Audran Gérard, Brémond Paul, Marque Sylvain R A, Yamasaki Toshihide
Aix Marseille Université, CNRS, ICR, UMR 7273 , 13397 Marseille Cedex 20, France.
N. N. Vorozhtsov Novosibirsk Institute of Organic Chemistry SB RAS , Pr. Lavrentjeva 9, 630090 Novosibirsk, Russia.
J Org Chem. 2016 Mar 4;81(5):1981-8. doi: 10.1021/acs.joc.5b02790. Epub 2016 Feb 15.

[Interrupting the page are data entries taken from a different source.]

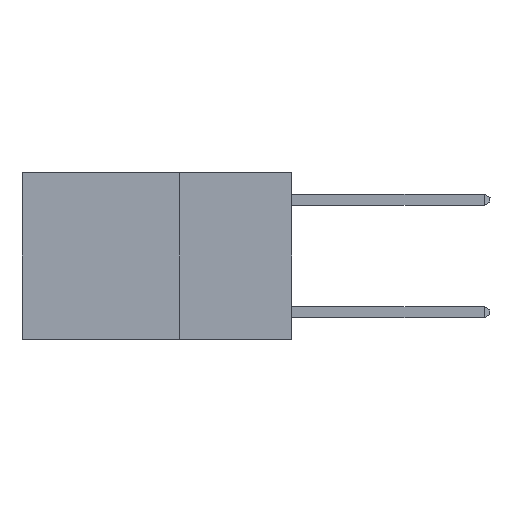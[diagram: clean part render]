
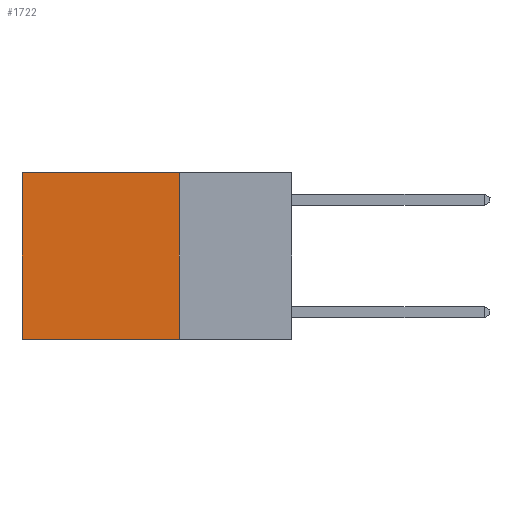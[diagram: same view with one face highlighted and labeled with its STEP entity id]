
A CAD part, left-side view. The second image highlights one B-rep face of the part: STEP entity #1722.
In plain terms, the highlighted planar face has unit normal (-1, 0, 0).
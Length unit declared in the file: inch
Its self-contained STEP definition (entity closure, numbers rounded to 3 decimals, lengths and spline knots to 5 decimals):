
#480 = VECTOR ( 'NONE', #4374, 39.37008 ) ;
#744 = CARTESIAN_POINT ( 'NONE',  ( 0.2625, 0.6, -0.37 ) ) ;
#1414 = DIRECTION ( 'NONE',  ( 0., 0., -1. ) ) ;
#1722 = ADVANCED_FACE ( 'NONE', ( #19462 ), #22561, .F. ) ;
#2354 = ORIENTED_EDGE ( 'NONE', *, *, #11258, .T. ) ;
#4374 = DIRECTION ( 'NONE',  ( 0., 0., -1. ) ) ;
#5040 = CARTESIAN_POINT ( 'NONE',  ( 0.2625, 0.6, 0. ) ) ;
#5857 = ORIENTED_EDGE ( 'NONE', *, *, #18365, .F. ) ;
#6285 = DIRECTION ( 'NONE',  ( 0., 0., -1. ) ) ;
#6432 = LINE ( 'NONE', #6605, #20678 ) ;
#6605 = CARTESIAN_POINT ( 'NONE',  ( 0.2625, 0.25, 0. ) ) ;
#7099 = VECTOR ( 'NONE', #8571, 39.37008 ) ;
#7795 = AXIS2_PLACEMENT_3D ( 'NONE', #11359, #11435, #6285 ) ;
#7991 = CARTESIAN_POINT ( 'NONE',  ( 0.2625, 0.25, 0. ) ) ;
#8571 = DIRECTION ( 'NONE',  ( 0., 1., 0. ) ) ;
#9646 = ORIENTED_EDGE ( 'NONE', *, *, #24154, .F. ) ;
#10249 = VERTEX_POINT ( 'NONE', #18554 ) ;
#10679 = VERTEX_POINT ( 'NONE', #21778 ) ;
#11258 = EDGE_CURVE ( 'NONE', #10679, #15950, #6432, .T. ) ;
#11359 = CARTESIAN_POINT ( 'NONE',  ( 0.2625, 0.25, 0. ) ) ;
#11435 = DIRECTION ( 'NONE',  ( 1., 0., 0. ) ) ;
#11483 = LINE ( 'NONE', #19731, #7099 ) ;
#14061 = LINE ( 'NONE', #18312, #22725 ) ;
#15950 = VERTEX_POINT ( 'NONE', #5040 ) ;
#16043 = EDGE_CURVE ( 'NONE', #15950, #20762, #14061, .T. ) ;
#18312 = CARTESIAN_POINT ( 'NONE',  ( 0.2625, 0.6, 0. ) ) ;
#18365 = EDGE_CURVE ( 'NONE', #10249, #20762, #11483, .T. ) ;
#18554 = CARTESIAN_POINT ( 'NONE',  ( 0.2625, 0.25, -0.37 ) ) ;
#19462 = FACE_OUTER_BOUND ( 'NONE', #21920, .T. ) ;
#19647 = DIRECTION ( 'NONE',  ( 0., 1., 0. ) ) ;
#19731 = CARTESIAN_POINT ( 'NONE',  ( 0.2625, 0.25, -0.37 ) ) ;
#20127 = ORIENTED_EDGE ( 'NONE', *, *, #16043, .T. ) ;
#20678 = VECTOR ( 'NONE', #19647, 39.37008 ) ;
#20762 = VERTEX_POINT ( 'NONE', #744 ) ;
#21092 = LINE ( 'NONE', #7991, #480 ) ;
#21778 = CARTESIAN_POINT ( 'NONE',  ( 0.2625, 0.25, 0. ) ) ;
#21920 = EDGE_LOOP ( 'NONE', ( #20127, #5857, #9646, #2354 ) ) ;
#22561 = PLANE ( 'NONE',  #7795 ) ;
#22725 = VECTOR ( 'NONE', #1414, 39.37008 ) ;
#24154 = EDGE_CURVE ( 'NONE', #10679, #10249, #21092, .T. ) ;

A few years ago, Bagryanskaya and colleagues (J. Org. Chem. 2011) showed that protonation of the nitroxyl fragment deactivated the alkoxyamine C-ON bond. Conversely, our group showed that protonation (Chem. Commun. 2011), as well as other chemical reactions such as oxidation or amine quaternization (Org. Lett. 2012), of the pyridyl moiety carried by the alkyl fragment was suitable to activate the homolysis of the C-ON bond. To pursue our goal of applying alkoxyamines as theranostic agents (Org. Biomol. Chem. 2014 and Mol. Pharmaceutics 2014) by activation of the C-ON bond homolysis, we turned our interest to the chemical activation of the nitroxyl fragment by oxidation/reduction of selected functions. Conversion of a hydroxyl group located close to the nitroxyl moiety successively into aldehyde, then acid, and eventually into ester, led to a successive decrease in kd.
几年前,巴格里扬斯卡娅及其同事(《有机化学杂志》,2011年)表明,硝酰基片段的质子化使烷氧基胺的C-ON键失活。相反,我们团队表明,烷基片段携带的吡啶基部分的质子化(《化学通讯》,2011年)以及其他化学反应,如氧化或胺季铵化(《有机快报》,2012年),适合激活C-ON键的均裂。为了通过激活C-ON键均裂来实现我们将烷氧基胺用作诊疗剂的目标(《有机生物分子化学》,2014年和《分子药剂学》,2014年),我们将兴趣转向通过选定官能团的氧化/还原对硝酰基片段进行化学活化。靠近硝酰基部分的羟基依次转化为醛,然后转化为酸,最终转化为酯,导致kd值逐渐降低。